Creating—and Keeping—Your Brand Promise

Your brand promise is the pact you make with your customers. Here’s how to keep your word.
When you build a brand, you’re defining the promise you’re making to your customers. You’re telling them what they can consistently and reliably expect from your company and its products and services.
“A brand promise is the set of functional, emotional, and self-expressive benefits that a brand delivers to the customer or consumer,” says Erich Joachimsthaler, CEO and founder of Vivaldi Partners Group, a New York City global brand strategy consulting firm who has experience with major brands such as Coca-Cola, Jaguar, and Marriott.

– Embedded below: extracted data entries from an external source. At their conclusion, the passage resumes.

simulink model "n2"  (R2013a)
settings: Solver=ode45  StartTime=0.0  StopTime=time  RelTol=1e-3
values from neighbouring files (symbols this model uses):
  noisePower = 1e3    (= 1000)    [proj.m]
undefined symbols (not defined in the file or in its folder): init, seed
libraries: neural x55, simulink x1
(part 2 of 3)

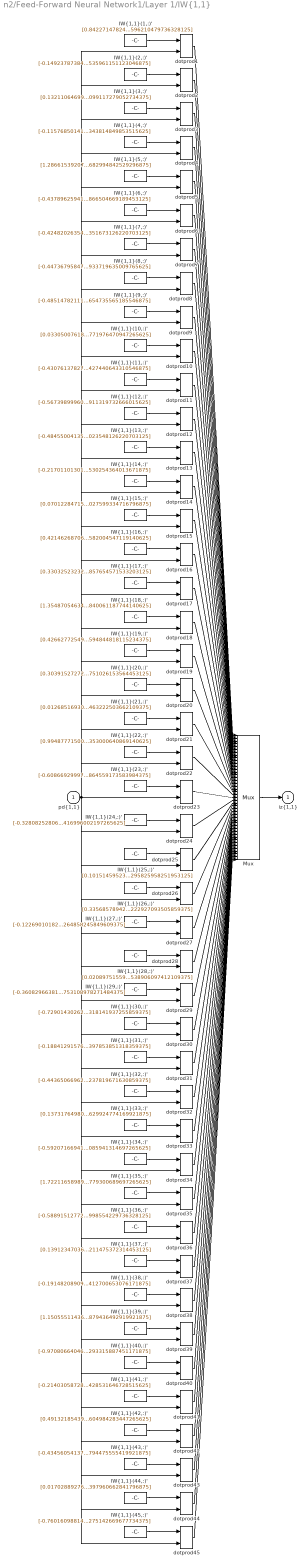
== system n2/Feed-Forward Neural Network1/Layer 1/IW{1,1} ==
  "pd{1,1}" : Inport  PortDimensions=6
      mask Display: e = 0.06;c1 = [120 230 180]/255;c2 = ([120 230 180]+0)/(256+128);c3 = ([120 230 180]+128)/(256+128);patch([0 1 1 0],[0 0 1 1],c1);patch([0 1 1 1-e 1-e 0+e],[0 0 1 1-e 0+e 0+e],c2);patch([0 0 1 1-e 0+e 0+e],[0 1 1 1-e 1-e 0+e],c3);plot([0 1 1 0 0],[0 0 1 1 0]);
  "IW{1,1}(1,:)'" : Constant  Value=[0.84227147824054549030137195586576126515865325927734375;0.06487427549836476126099427119697793386876583099365234375;0.16547979048669725354869797229184769093990325927734375;1.102066528263456302028089339728467166423797607421875;0.49259517334991442805147698891232721507549285888671875;-0.272176103875577724000578427876462228596210479736328125]
      mask Display: e = 0.06;c1 = [120 150 230]/255;c2 = ([120 150 230]+0)/383;c3 = ([120 150 230]+128)/383;patch([0 1 1 0],[0 0 1 1],c1);patch([0 1 1 1-e 1-e 0+e],[0 0 1 1-e 0+e 0+e],c2);patch([0 0 1 1-e 0+e 0+e],[0 1 1 1-e 1-e 0+e],c3);plot([0 1 1 0 0],[0 0 1 1 0]);disp('Weights');
  "IW{1,1}(10,:)'" : Constant  Value=[0.03305007618415702064229577672449522651731967926025390625;1.0170563445854501338772024610079824924468994140625;0.279931382798406624967668676617904566228389739990234375;0.426941937985293173962730861603631637990474700927734375;-1.5403738480250581677211130227078683674335479736328125;-0.91567469693016079190783784724771976470947265625]
      mask Display: e = 0.06;c1 = [120 150 230]/255;c2 = ([120 150 230]+0)/383;c3 = ([120 150 230]+128)/383;patch([0 1 1 0],[0 0 1 1],c1);patch([0 1 1 1-e 1-e 0+e],[0 0 1 1-e 0+e 0+e],c2);patch([0 0 1 1-e 0+e 0+e],[0 1 1 1-e 1-e 0+e],c3);plot([0 1 1 0 0],[0 0 1 1 0]);disp('Weights');
  "IW{1,1}(11,:)'" : Constant  Value=[-0.430761378274666040244511577839148230850696563720703125;3.4100337146199013460545756970532238483428955078125;-0.9436086074396683454068579521845094859600067138671875;-3.361420006301363283540695192641578614711761474609375;-3.569707650142730503972643418819643557071685791015625;-1.7836434418088156217407913572969846427440643310546875]
      mask Display: e = 0.06;c1 = [120 150 230]/255;c2 = ([120 150 230]+0)/383;c3 = ([120 150 230]+128)/383;patch([0 1 1 0],[0 0 1 1],c1);patch([0 1 1 1-e 1-e 0+e],[0 0 1 1-e 0+e 0+e],c2);patch([0 0 1 1-e 0+e 0+e],[0 1 1 1-e 1-e 0+e],c3);plot([0 1 1 0 0],[0 0 1 1 0]);disp('Weights');
  "IW{1,1}(12,:)'" : Constant  Value=[-0.5673989996097008603470612797536887228488922119140625;-1.41580995779519458466211290215142071247100830078125;1.9873570195839664886960918011027388274669647216796875;1.3572415823679129243117813530261628329753875732421875;1.0574804788789748943855784091283567249774932861328125;1.2123627937006260513186362004489637911319732666015625]
      mask Display: e = 0.06;c1 = [120 150 230]/255;c2 = ([120 150 230]+0)/383;c3 = ([120 150 230]+128)/383;patch([0 1 1 0],[0 0 1 1],c1);patch([0 1 1 1-e 1-e 0+e],[0 0 1 1-e 0+e 0+e],c2);patch([0 0 1 1-e 0+e 0+e],[0 1 1 1-e 1-e 0+e],c3);plot([0 1 1 0 0],[0 0 1 1 0]);disp('Weights');
  "IW{1,1}(13,:)'" : Constant  Value=[-0.48455004135934187647904991536051966249942779541015625;-0.7797168963881688785733103941311128437519073486328125;2.498924318770319619176234482438303530216217041015625;-1.7260272854251688112725560131366364657878875732421875;2.327445972270126173242488221148960292339324951171875;-0.05519446440998605762917605943584931083023548126220703125]
      mask Display: e = 0.06;c1 = [120 150 230]/255;c2 = ([120 150 230]+0)/383;c3 = ([120 150 230]+128)/383;patch([0 1 1 0],[0 0 1 1],c1);patch([0 1 1 1-e 1-e 0+e],[0 0 1 1-e 0+e 0+e],c2);patch([0 0 1 1-e 0+e 0+e],[0 1 1 1-e 1-e 0+e],c3);plot([0 1 1 0 0],[0 0 1 1 0]);disp('Weights');
  "IW{1,1}(14,:)'" : Constant  Value=[-0.21701101301024527945315867327735759317874908447265625;-0.08850209990518463631925527579369372688233852386474609375;1.269844430507898636051322682760655879974365234375;0.8399275689099445774132846054271794855594635009765625;-0.25354230062065064021936677818302996456623077392578125;-0.6468052937445747385680760999093763530254364013671875]
      mask Display: e = 0.06;c1 = [120 150 230]/255;c2 = ([120 150 230]+0)/383;c3 = ([120 150 230]+128)/383;patch([0 1 1 0],[0 0 1 1],c1);patch([0 1 1 1-e 1-e 0+e],[0 0 1 1-e 0+e 0+e],c2);patch([0 0 1 1-e 0+e 0+e],[0 1 1 1-e 1-e 0+e],c3);plot([0 1 1 0 0],[0 0 1 1 0]);disp('Weights');
  "IW{1,1}(15,:)'" : Constant  Value=[0.07012284715927970257798307329721865244209766387939453125;-0.426352730645800981346127400684054009616374969482421875;-0.462449000988150393798292725477949716150760650634765625;-1.848085497564675439008397006546147167682647705078125;-2.454998577026266115552743940497748553752899169921875;0.17757016677518588920747788506560027599334716796875]
      mask Display: e = 0.06;c1 = [120 150 230]/255;c2 = ([120 150 230]+0)/383;c3 = ([120 150 230]+128)/383;patch([0 1 1 0],[0 0 1 1],c1);patch([0 1 1 1-e 1-e 0+e],[0 0 1 1-e 0+e 0+e],c2);patch([0 0 1 1-e 0+e 0+e],[0 1 1 1-e 1-e 0+e],c3);plot([0 1 1 0 0],[0 0 1 1 0]);disp('Weights');
  "IW{1,1}(16,:)'" : Constant  Value=[0.4214626870610287401319737909943796694278717041015625;2.093231886567525013020940605201758444309234619140625;0.141001471649424725551824622016283683478832244873046875;0.50265377695913515676551241995184682309627532958984375;-0.44469249994842086071145104142487980425357818603515625;-2.61912069499532496053006980218924582004547119140625]
      mask Display: e = 0.06;c1 = [120 150 230]/255;c2 = ([120 150 230]+0)/383;c3 = ([120 150 230]+128)/383;patch([0 1 1 0],[0 0 1 1],c1);patch([0 1 1 1-e 1-e 0+e],[0 0 1 1-e 0+e 0+e],c2);patch([0 0 1 1-e 0+e 0+e],[0 1 1 1-e 1-e 0+e],c3);plot([0 1 1 0 0],[0 0 1 1 0]);disp('Weights');
  "IW{1,1}(17,:)'" : Constant  Value=[0.33032523232557242653939511001226492226123809814453125;4.676102860776463643333045183680951595306396484375;-0.55133479214566361026328422667575068771839141845703125;0.41738439187882947489782736738561652600765228271484375;-2.88390872632815131737515912391245365142822265625;0.559538075820381397562641723197884857654571533203125]
      mask Display: e = 0.06;c1 = [120 150 230]/255;c2 = ([120 150 230]+0)/383;c3 = ([120 150 230]+128)/383;patch([0 1 1 0],[0 0 1 1],c1);patch([0 1 1 1-e 1-e 0+e],[0 0 1 1-e 0+e 0+e],c2);patch([0 0 1 1-e 0+e 0+e],[0 1 1 1-e 1-e 0+e],c3);plot([0 1 1 0 0],[0 0 1 1 0]);disp('Weights');
  "IW{1,1}(18,:)'" : Constant  Value=[1.354870546341602643991564036696217954158782958984375;1.76135701700342650610764394514262676239013671875;0.2498693130782637938924750642399885691702365875244140625;0.018656499881086315018041688063021865673363208770751953125;-0.98870833590241102850626475628814660012722015380859375;-1.356004791091452776896630894043482840061187744140625]
      mask Display: e = 0.06;c1 = [120 150 230]/255;c2 = ([120 150 230]+0)/383;c3 = ([120 150 230]+128)/383;patch([0 1 1 0],[0 0 1 1],c1);patch([0 1 1 1-e 1-e 0+e],[0 0 1 1-e 0+e 0+e],c2);patch([0 0 1 1-e 0+e 0+e],[0 1 1 1-e 1-e 0+e],c3);plot([0 1 1 0 0],[0 0 1 1 0]);disp('Weights');
  "IW{1,1}(19,:)'" : Constant  Value=[0.42662772549766503349388813148834742605686187744140625;-4.7381878692336609759649945772252976894378662109375;-1.5030142946332050168933847089647315442562103271484375;-2.29340533164774029728505411185324192047119140625;-0.444288784337299291760103869819431565701961517333984375;1.437081857744058055459390743635594844818115234375]
      mask Display: e = 0.06;c1 = [120 150 230]/255;c2 = ([120 150 230]+0)/383;c3 = ([120 150 230]+128)/383;patch([0 1 1 0],[0 0 1 1],c1);patch([0 1 1 1-e 1-e 0+e],[0 0 1 1-e 0+e 0+e],c2);patch([0 0 1 1-e 0+e 0+e],[0 1 1 1-e 1-e 0+e],c3);plot([0 1 1 0 0],[0 0 1 1 0]);disp('Weights');
  "IW{1,1}(2,:)'" : Constant  Value=[-0.1492378738459924913950516156546655111014842987060546875;-0.58532240022470827245371083336067385971546173095703125;0.462664738325598789980830360946129076182842254638671875;1.91420588056120788422731493483297526836395263671875;-1.443266540980558954032630936126224696636199951171875;0.1477060064733095312572430657382938079535961151123046875]
      mask Display: e = 0.06;c1 = [120 150 230]/255;c2 = ([120 150 230]+0)/383;c3 = ([120 150 230]+128)/383;patch([0 1 1 0],[0 0 1 1],c1);patch([0 1 1 1-e 1-e 0+e],[0 0 1 1-e 0+e 0+e],c2);patch([0 0 1 1-e 0+e 0+e],[0 1 1 1-e 1-e 0+e],c3);plot([0 1 1 0 0],[0 0 1 1 0]);disp('Weights');
  "IW{1,1}(20,:)'" : Constant  Value=[0.30391527272730389785948545977589674293994903564453125;-0.444187486126631114746743378418614156544208526611328125;-0.022000359677070625841199813521598116494715213775634765625;-0.5972509067636926349820214454666711390018463134765625;2.6133128367743925224431222886778414249420166015625;2.22748035673238309328780815121717751026153564453125]
      mask Display: e = 0.06;c1 = [120 150 230]/255;c2 = ([120 150 230]+0)/383;c3 = ([120 150 230]+128)/383;patch([0 1 1 0],[0 0 1 1],c1);patch([0 1 1 1-e 1-e 0+e],[0 0 1 1-e 0+e 0+e],c2);patch([0 0 1 1-e 0+e 0+e],[0 1 1 1-e 1-e 0+e],c3);plot([0 1 1 0 0],[0 0 1 1 0]);disp('Weights');
  "IW{1,1}(21,:)'" : Constant  Value=[0.01268516930794892638711957033592625521123409271240234375;4.59450107657331141552958797547034919261932373046875;-0.93306119762650896465316918693133629858493804931640625;-1.6092357280682261233550889301113784313201904296875;-3.214514491239682580925318688969127833843231201171875;-0.6781370341470525087146370424306951463222503662109375]
      mask Display: e = 0.06;c1 = [120 150 230]/255;c2 = ([120 150 230]+0)/383;c3 = ([120 150 230]+128)/383;patch([0 1 1 0],[0 0 1 1],c1);patch([0 1 1 1-e 1-e 0+e],[0 0 1 1-e 0+e 0+e],c2);patch([0 0 1 1-e 0+e 0+e],[0 1 1 1-e 1-e 0+e],c3);plot([0 1 1 0 0],[0 0 1 1 0]);disp('Weights');
  "IW{1,1}(22,:)'" : Constant  Value=[0.994877715005721530161508781020529568195343017578125;-2.5852327063540183615941714379005134105682373046875;-0.4537861220633285785908128673327155411243438720703125;0.74245142888689319438100255865720100700855255126953125;-1.833503204946538289732416160404682159423828125;15.454823990822948331924635567702353000640869140625]
      mask Display: e = 0.06;c1 = [120 150 230]/255;c2 = ([120 150 230]+0)/383;c3 = ([120 150 230]+128)/383;patch([0 1 1 0],[0 0 1 1],c1);patch([0 1 1 1-e 1-e 0+e],[0 0 1 1-e 0+e 0+e],c2);patch([0 0 1 1-e 0+e 0+e],[0 1 1 1-e 1-e 0+e],c3);plot([0 1 1 0 0],[0 0 1 1 0]);disp('Weights');
  "IW{1,1}(23,:)'" : Constant  Value=[-0.60866929997868346458034238821710459887981414794921875;-0.97057598832021951817949911855976097285747528076171875;-1.41630044446994940443573796073906123638153076171875;1.6145332171968866941114129076595418155193328857421875;1.9343143141262479911546279254253022372722625732421875;3.68592187714530350461927810101769864559173583984375]
      mask Display: e = 0.06;c1 = [120 150 230]/255;c2 = ([120 150 230]+0)/383;c3 = ([120 150 230]+128)/383;patch([0 1 1 0],[0 0 1 1],c1);patch([0 1 1 1-e 1-e 0+e],[0 0 1 1-e 0+e 0+e],c2);patch([0 0 1 1-e 0+e 0+e],[0 1 1 1-e 1-e 0+e],c3);plot([0 1 1 0 0],[0 0 1 1 0]);disp('Weights');
  "IW{1,1}(24,:)'" : Constant  Value=[-0.32808252806051185768154709876398555934429168701171875;-3.42123638500376170412664578179828822612762451171875;-0.904267633019632643964769158628769218921661376953125;0.74638609472593231419779158386518247425556182861328125;1.925961651847787781122178785153664648532867431640625;-0.1414651721659340444237074052580283023416996002197265625]
      mask Display: e = 0.06;c1 = [120 150 230]/255;c2 = ([120 150 230]+0)/383;c3 = ([120 150 230]+128)/383;patch([0 1 1 0],[0 0 1 1],c1);patch([0 1 1 1-e 1-e 0+e],[0 0 1 1-e 0+e 0+e],c2);patch([0 0 1 1-e 0+e 0+e],[0 1 1 1-e 1-e 0+e],c3);plot([0 1 1 0 0],[0 0 1 1 0]);disp('Weights');
  "IW{1,1}(25,:)'" : Constant  Value=[0.1015145952320345157371406230595312081277370452880859375;-0.332514223086164684151100345843588002026081085205078125;2.281582187239048042926015114062465727329254150390625;0.83332205829804639751756667465087957680225372314453125;-1.74625792582558414522964085335843265056610107421875;0.9113021358531601112673570241895504295825958251953125]
      mask Display: e = 0.06;c1 = [120 150 230]/255;c2 = ([120 150 230]+0)/383;c3 = ([120 150 230]+128)/383;patch([0 1 1 0],[0 0 1 1],c1);patch([0 1 1 1-e 1-e 0+e],[0 0 1 1-e 0+e 0+e],c2);patch([0 0 1 1-e 0+e 0+e],[0 1 1 1-e 1-e 0+e],c3);plot([0 1 1 0 0],[0 0 1 1 0]);disp('Weights');
  "IW{1,1}(26,:)'" : Constant  Value=[0.33568578942289628574968674001866020262241363525390625;2.3543740308923606363578073796816170215606689453125;1.351961238632386486102632261463440954685211181640625;1.7606296753255026299456176275270991027355194091796875;-0.41700357843252511269582782915676943957805633544921875;1.0395595474903343014005940858623944222927093505859375]
      mask Display: e = 0.06;c1 = [120 150 230]/255;c2 = ([120 150 230]+0)/383;c3 = ([120 150 230]+128)/383;patch([0 1 1 0],[0 0 1 1],c1);patch([0 1 1 1-e 1-e 0+e],[0 0 1 1-e 0+e 0+e],c2);patch([0 0 1 1-e 0+e 0+e],[0 1 1 1-e 1-e 0+e],c3);plot([0 1 1 0 0],[0 0 1 1 0]);disp('Weights');
  "IW{1,1}(27,:)'" : Constant  Value=[-0.122690101827504116638323239385499618947505950927734375;-4.38180574480759066346990948659367859363555908203125;-0.93975792619900133662014241053839214146137237548828125;-1.477176900329489672714089465443976223468780517578125;-0.1684666325636204053939337654810515232384204864501953125;0.372092735345911085342862634206539951264858245849609375]
      mask Display: e = 0.06;c1 = [120 150 230]/255;c2 = ([120 150 230]+0)/383;c3 = ([120 150 230]+128)/383;patch([0 1 1 0],[0 0 1 1],c1);patch([0 1 1 1-e 1-e 0+e],[0 0 1 1-e 0+e 0+e],c2);patch([0 0 1 1-e 0+e 0+e],[0 1 1 1-e 1-e 0+e],c3);plot([0 1 1 0 0],[0 0 1 1 0]);disp('Weights');
  "IW{1,1}(28,:)'" : Constant  Value=[0.0208975155955787202100015775840802234597504138946533203125;1.251660217050768242330605062306858599185943603515625;1.1691366816001658168744370414060540497303009033203125;2.7047155750761060488684961455874145030975341796875;2.570977437632034234837874464574269950389862060546875;-0.1415574810387700832592372535145841538906097412109375]
      mask Display: e = 0.06;c1 = [120 150 230]/255;c2 = ([120 150 230]+0)/383;c3 = ([120 150 230]+128)/383;patch([0 1 1 0],[0 0 1 1],c1);patch([0 1 1 1-e 1-e 0+e],[0 0 1 1-e 0+e 0+e],c2);patch([0 0 1 1-e 0+e 0+e],[0 1 1 1-e 1-e 0+e],c3);plot([0 1 1 0 0],[0 0 1 1 0]);disp('Weights');
  "IW{1,1}(29,:)'" : Constant  Value=[-0.360829663811210121782124815581482835114002227783203125;-0.88319440128383386312549419017159380018711090087890625;3.3498526307737837015565673937089741230010986328125;1.233805697106404419827185847680084407329559326171875;-0.10885207267648533413506584111019037663936614990234375;-0.7884649843305184813146979649900458753108978271484375]
      mask Display: e = 0.06;c1 = [120 150 230]/255;c2 = ([120 150 230]+0)/383;c3 = ([120 150 230]+128)/383;patch([0 1 1 0],[0 0 1 1],c1);patch([0 1 1 1-e 1-e 0+e],[0 0 1 1-e 0+e 0+e],c2);patch([0 0 1 1-e 0+e 0+e],[0 1 1 1-e 1-e 0+e],c3);plot([0 1 1 0 0],[0 0 1 1 0]);disp('Weights');
  "IW{1,1}(3,:)'" : Constant  Value=[0.1321106469977538500071290172854787670075893402099609375;-0.397375057727925751205333426696597598493099212646484375;-0.042944704991947350858350063163015875034034252166748046875;1.599760712104874027517098511452786624431610107421875;0.2558827644516330490631617067265324294567108154296875;0.4060595418232446629502874202444218099117279052734375]
      mask Display: e = 0.06;c1 = [120 150 230]/255;c2 = ([120 150 230]+0)/383;c3 = ([120 150 230]+128)/383;patch([0 1 1 0],[0 0 1 1],c1);patch([0 1 1 1-e 1-e 0+e],[0 0 1 1-e 0+e 0+e],c2);patch([0 0 1 1-e 0+e 0+e],[0 1 1 1-e 1-e 0+e],c3);plot([0 1 1 0 0],[0 0 1 1 0]);disp('Weights');
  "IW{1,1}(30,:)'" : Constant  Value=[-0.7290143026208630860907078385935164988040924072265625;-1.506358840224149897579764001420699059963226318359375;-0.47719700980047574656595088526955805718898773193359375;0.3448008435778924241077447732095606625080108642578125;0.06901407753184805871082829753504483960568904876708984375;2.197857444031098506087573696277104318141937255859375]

When created strategically and thoughtfully, your brand can be a tremendous asset, building trust with your customers. Building a strong brand requires both understanding what promises you can make and how to keep them.
Defining the Promise
An effective way to begin analyzing the promise is the “magic triangle,” Joachimsthaler says. The magic triangle consists of three Cs: customer, competitor, and company. It includes asking yourself:
- What do I deliver to the customer?
- What do I deliver that the competitor does not deliver?
- What can I deliver uniquely to the consumer?
Brand promises can be implicit or explicit, says branding expert Stephanie Peterson, founder of Sugarcane Global LLC in San Francisco, California. Explicit brand promises are made upfront, usually in their taglines, such as FedEx’s former tagline, “When it absolutely, positively has to be there overnight.” Implicit brands don’t state their promise, but it comes through in your interactions with them, such as Nordstrom, which actually has urban legends about its surprisingly committed customer service, Peterson says.
Delivering on the Promise
You must deliver on your promise consistently, all the time, and with every interaction a customer has with you, your product, or your service. That includes in-person, online, via telephone, and any other way your customer might encounter your brand. Review each interaction as if you’re the customer. Is your brand being represented as it should be? Look at your product or service. Is it consistent from one customer to the next? Customers need to know what to expect when they buy from you, Joachimsthaler says.
“You cannot, in this day and age, create a veneer of something that does not exist. There needs to be product truth,” says Joachimsthaler. If your product’s quality varies or your service is hit-or-miss, customers are going to spread the word in-person or online, he says.
By analyzing your unique market position and strengths, then creating a promise based on those attributes, you have a strong understanding of the market you serve. However, creating such a promise requires vigilant care and consistent follow-through to be effective.